TEMPO.CO, Jakarta - Aroma rempah-rempah pekat menusuk hidung, menyebar dari dapur. Sebagian pengunjung bersin-bersin karena kuatnya bumbu-bumbu itu. Gulai tempoyak ikan patin dan pindang, kuliner andalan Jambi sedang dimasak di dapur Pak Haji Ubaidillah.
Di warung itu terdapat banyak ikan segar khas Sungai Batanghari yang bisa menjadi pilihan santapan pengunjung. Selain patin, ada baung, toman, gabus, sengarat, nila, keramba. Warung menyediakan badan, kepala dan ekor ikan, tergantung selera pemesan. "Semua ikan datang dari Sungai Batanghari. Segar, sehat, dan kaya omega-3," kata pemilik warung, Ubaidillah, Rabu, 20 November 2019.
Kelebihan terbesar ikan adalah kandungan asam lemak omega-3 yang dibutuhkan manusia. Omega-3 sangat baik buat fungsi otak dan mencegah peradangan serta penyakit jantung. Berdasarkan sejumlah penelitian, pada ikan patin, omega-3 terdapat pada bagian kepala dan perut.
Gulai tempoyak ikan patin menggunakan bumbu berupa buah durian yang difermentasi yang dicampur dengan serai, cabai, kunyit, dan garam. Gulai tempoyak terasa asam. Pemilik warung menyebutkan rahasia gulai ikan patin tidak amis kuncinya menggunakan kunyit.
Hidangan pindang ikan patin khas Jambi. TEMPO/Shinta Maharani
Selain gulai ikan patin, kuliner yang tak kalah nikmatnya adalah pindang patin. Sajian ini menggunakan bumbu, di antaranya kunyit, serai, lengkuas, daun salam, cabai rawit, dan cabai merah. Pindang ikan patin dihidangkan di wadah dengan nyala api kecil.

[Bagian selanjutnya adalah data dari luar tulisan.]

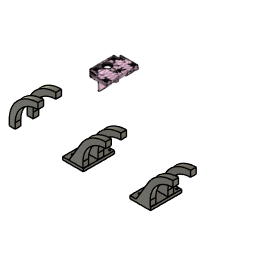
Robotics Gripper v5 (Autodesk Fusion 360 design; units mm, degrees)
Autodesk Fusion 360 part; units mm, degrees
note: some values were not read from the file. Chosen so that the rebuilt part matches the saved one: which bodies a step acts on; that a step has no effect. Set by a fixed rule: the direction of a hole.
form "Form1" [no effect]
other "Base Mesh Feature1"
other "Modify1"
sketch "Sketch1" plane through (0, 0, 0) normal (0, 0, 1) x (1, 0, 0)
  line L0 (0, 0) -> (36.75, 0)
  line L1 (36.75, 0) -> (36.75, 57.51)
  line L2 (36.75, 57.51) -> (0, 57.51)
  line L3 (0, 57.51) -> (0, 0)
  dimension "d1" = 36.75
  dimension "d2" = 57.51
  constraint coincident L0.start L3.end
  constraint horizontal L0
  constraint perpendicular L0 L1
  constraint perpendicular L1 L2
  constraint perpendicular L0 L3
  measures "d1" distance of L0.start L0.end
  measures "d2" distance of L0.end L1.end
extrude "Extrude1" add sketch "Sketch1" along normal blind 5 makes body 1
other "Modify2"
other "Modify3"
other "Modify4"
sketch "Sketch2" plane through (0, 0, 0) normal (0, -1, 0) x (1, 0, 0)
  line L0 (0, 0) -> (36.75, 0)
  line L1 (36.75, 0) -> (36.75, 5)
  line L2 (36.75, 5) -> (0, 5)
  line L3 (0, 5) -> (0, 0)
  arc A0 (35, 40) -> (0, 5) centre (35, 5) ccw
  arc A1 (35, 30) -> (10, 5) centre (35, 5) ccw
  line L4 (35, 40) -> (35, 30)
  line L5 (0, 5) -> (10, 5)
  constraint coincident L2.end L3.start
  constraint tangent L3 A0
  constraint coincident L2 A1.end
  constraint coincident A0.centre A1.centre
  constraint vertical L4
extrude "Extrude2" add sketch "Sketch2" against normal blind 13.8775 contours L2 A0 A1 L4 L5 bodies 1
copy_body "Body->Comp1" bodies 1 removing the originals makes body 2 in component "Component"
other "Body->Comp1'"
split "Split1" by plane through (0, 0, 5) normal (0, 0, 1) bodies 2 makes body 3 at (0.0396, 9.2517, 6.6654) in component "Component"
other "Modify1'" in component "OpenManipulator_Finger_Adapter_V6"
other "Modify2'" in component "OpenManipulator_Finger_Adapter_V6"
delete_body "RemoveBody1" bodies 3 in component "Component"
sketch "Sketch3" plane through (0, 0, 0) normal (0, 1, 0) x (1, 0, 0)
  circle A0 centre (65.5241, -27.502) radius 27.5
  arc A1 (25.1427, -15.1295) -> (65.6668, -55.6483) centre (65.6668, -15.1242) ccw
  line L0 (25.1427, -15.1295) -> (25.1427, -5)
  line L1 (65.6668, -55.6483) -> (65.6668, -66.1995)
  arc A2 (14.5914, -15.1242) -> (65.6668, -66.1995) centre (65.6668, -15.1242) ccw
  line L2 (14.5914, -15.1242) -> (14.5914, -5)
  line L3 (14.5914, -5) -> (25.1427, -5)
  line L4 (0, -5) -> (21.8853, -41.4276)
  line L5 (0, -5) -> (14.5914, -5)
  dimension "d7" = 55
  constraint vertical L0
  constraint vertical L1
  constraint coincident A1.centre A2.centre
  constraint tangent A2 L2
  constraint vertical L2
  constraint perpendicular L0 L3
  constraint coincident A2 L4.end
  constraint tangent A2 L4
  constraint perpendicular L2 L5
  measures "d7" diameter of A0
extrude "Extrude1'" add sketch "Sketch3" along normal blind 10 contours A1 L0 L1 A2 L2 L3 bodies 2 in component "Component"
split "Split2" by plane through (0, 0, 5) normal (0, 0, 1) bodies 2 makes body 4 at (21.6256, 10, 11.7512) in component "Component"
copy_body "CopyPasteBodies1" bodies 4 makes body 5 in component "Component"
move_body "Move1" bodies 4 to x (1, 0, 0) y (0, 1, 0) z (0, 0, 1) at (0, 32, 0) in component "Component"
combine "Combine1" operation add target body 2 tool bodies 5 4 in component "Component"
move_body "Move2" bodies 2 to x (1, 0, 0) y (0, 1, 0) z (0, 0, 1) at (-80, 0, 0) in component "Component"
sketch "BAse" plane through (0, 0, 0) normal (0, 0, 1) x (1, 0, 0)
  line L0 (0, 0) -> (36.75, 0)
  line L1 (36.75, 0) -> (36.75, 55.51)
  line L2 (36.75, 55.51) -> (0, 55.51)
  line L3 (0, 55.51) -> (0, 0)
  point P0 (5.25, 11.755)
  point P1 (5.25, 43.755)
  point P2 (31.75, 3.755)
  point P3 (31.75, 51.755)
  dimension "d10" = 36.75
  dimension "d11" = 55.51
  constraint horizontal L0
  constraint vertical L1
  constraint horizontal L2
  constraint vertical L3
  constraint coincident L0.start L3.end
  measures "d10" distance of L0.start L0.end
  measures "d11" distance of L0.start L2.end
extrude "Extrude3" add sketch "BAse" along normal blind 5 separate body makes body 6
hole "Hole1" at (31.75, 3.755, 0) direction (0, 0, 1) diameter 3 depth 25 tip angle 118 bodies 6
hole "Hole2" at (5.25, 11.755, 0) direction (0, 0, 1) diameter 3 depth 25 tip angle 118 bodies 6
hole "Hole3" at (5.25, 43.755, 0) direction (0, 0, 1) diameter 3 depth 25 tip angle 118 bodies 6
hole "Hole4" at (31.75, 51.755, 0) direction (0, 0, 1) diameter 3 depth 25 tip angle 118 bodies 6
move_body "Move3" bodies 2 to x (1, 0, 0) y (0, 1, 0) z (0, 0, 1) at (80, 0, 0) in component "Component"
split "Split3" by plane through (0, 0, 5) normal (0, 0, 1) bodies 2 makes body 7 at (21.6256, 10, 11.7512) makes body 8 at (21.6256, 42, 11.7512) in component "Component"
move_body "Move4" bodies 2 to x (1, 0, 0) y (0, 1, 0) z (0, 0, 1) at (-73.3417, 46.2114, 0) in component "Component"
delete_body "RemoveBody2" bodies 2 in component "Component"
copy_body "CutPasteBodies3" bodies 7 8 removing the originals makes body 9 makes body 10
move_body "Move3'" bodies 10 9 to x (1, 0, 0) y (0, 1, 0) z (0, 0, 1) at (90, 0, 0)
extrude "Extrude2'" add sketch "Sketch3" along normal blind 10 contours A1 L0 L1 A2 L2 L3 | A2 L2 L4 L5 makes body 11 in component "Component"
copy_body "CopyPasteBodies2" bodies 11 makes body 12 in component "Component"
move_body "Move5" bodies 12 to x (1, 0, 0) y (0, 1, 0) z (0, 0, 1) at (0, 27, 0) in component "Component"
move_body "Move6" bodies 11 12 to x (1, 0, 0) y (0, 1, 0) z (0, 0, 1) at (11, 0, 0) in component "Component"
copy_body "CutPasteBodies3'" bodies 6 removing the originals makes body 13 in component "Component"
move_body "Move7" bodies 11 12 13 to x (1, 0, 0) y (0, 1, 0) z (0, 0, 1) at (-120, 0, 0) in component "Component"
copy_body "CopyPasteBodies1'" bodies 11 13 12 makes body 14 makes body 15 makes body 16 in component "Gripper"
move_body "Move1'" bodies 14 15 16 to x (1, 0, 0) y (0, 1, 0) z (0, 0, 1) at (120, 0, 0) in component "Gripper"
move_body "Move4'" bodies 9 10 to x (1, 0, 0) y (0, 1, 0) z (0, 0, 1) at (-320, 0, 0)
delete_body "RemoveBody1'" bodies 16 in component "Gripper"
copy_body "CopyPasteBodies3" bodies 14 makes body 17 in component "Gripper"
move_body "Move3''" bodies 17 to x (1, 0, 0) y (0, 1, 0) z (0, 0, 1) at (0, 31.6325, 0) in component "Gripper"
combine "Combine1'" operation add target body 14 tool bodies 15 17 in component "Gripper"
component "OpenManipulator_Finger_Adapter_V6" placed x (1, 0, 0) y (0, -1, 0) z (0, 0, -1) at (-173.2548, 277.5224, 147.2891)
component "Component" placed x (1, 0, 0) y (0, 1, 0) z (0, 0, 1) at (0, 0, 0)
component "Gripper" placed x (1, 0, 0) y (0, 1, 0) z (0, 0, 1) at (0, 0, 0)
component "Gripper" placed x (1, 0, 0) y (0, 1, 0) z (0, 0, 1) at (0, 0, 0)

Ubadillah mengatakan per hari warungnya rata-rata memasak 30 ikan dari Sungai Batanghari. Harga sajian ikan bervariasi. Gulai tempoyak badan ikan patin per porsi harganya Rp50.000, pindang ikan patin badan Rp45.000-60.000, dan pindang ikan baung Rp35.000-40.000.
Kuatnya campuran bumbu juga bisa ditemukan pada brengkes ikan patin. Brengkes ini mirip pepes ikan. Semua hidangan tadi disajikan dengan sambal mangga muda. Jenis mangganya di Jawa dikenal dengan kweni. Sayur daun pepaya muda, kemangi, dan mentimun menjadi lalapan.
Warung milik Ubaidillah berdiri sejak 2015, tak jauh dari Bandara Sultan Thaha Jambi. Dari bandara hanya perlu waktu tempuh lima menit dan pengunjung bisa menikmati kesegaran ikan Sungai Batanghari.
Warga Jambi, Achmad Riki mengatakan kuliner khas masyarakat Jambi itu menjadi sajian dalam keseharian masyarakat Jambi dan acara adat, seperti pesta pernikahan. Masakan jenis itu juga ditemukan dalam tradisi behidang, yakni makan bersama secara beramai-ramai.
Behidang tradisi makan bersama khas Jambi. TEMPO/Shinta Maharani
Behidang mirip dengan tradisi kembulan di Jawa, makan dengan cara duduk lesehan dan semua sajiannya dihidangkan di atas daun pisang. Hanya saja, bedanya behidang disajikan di atas nampan. "Behidang dengan sajian kuliner khas Jambi banyak bertahan di kampung-kampung Jambi," kata Riki.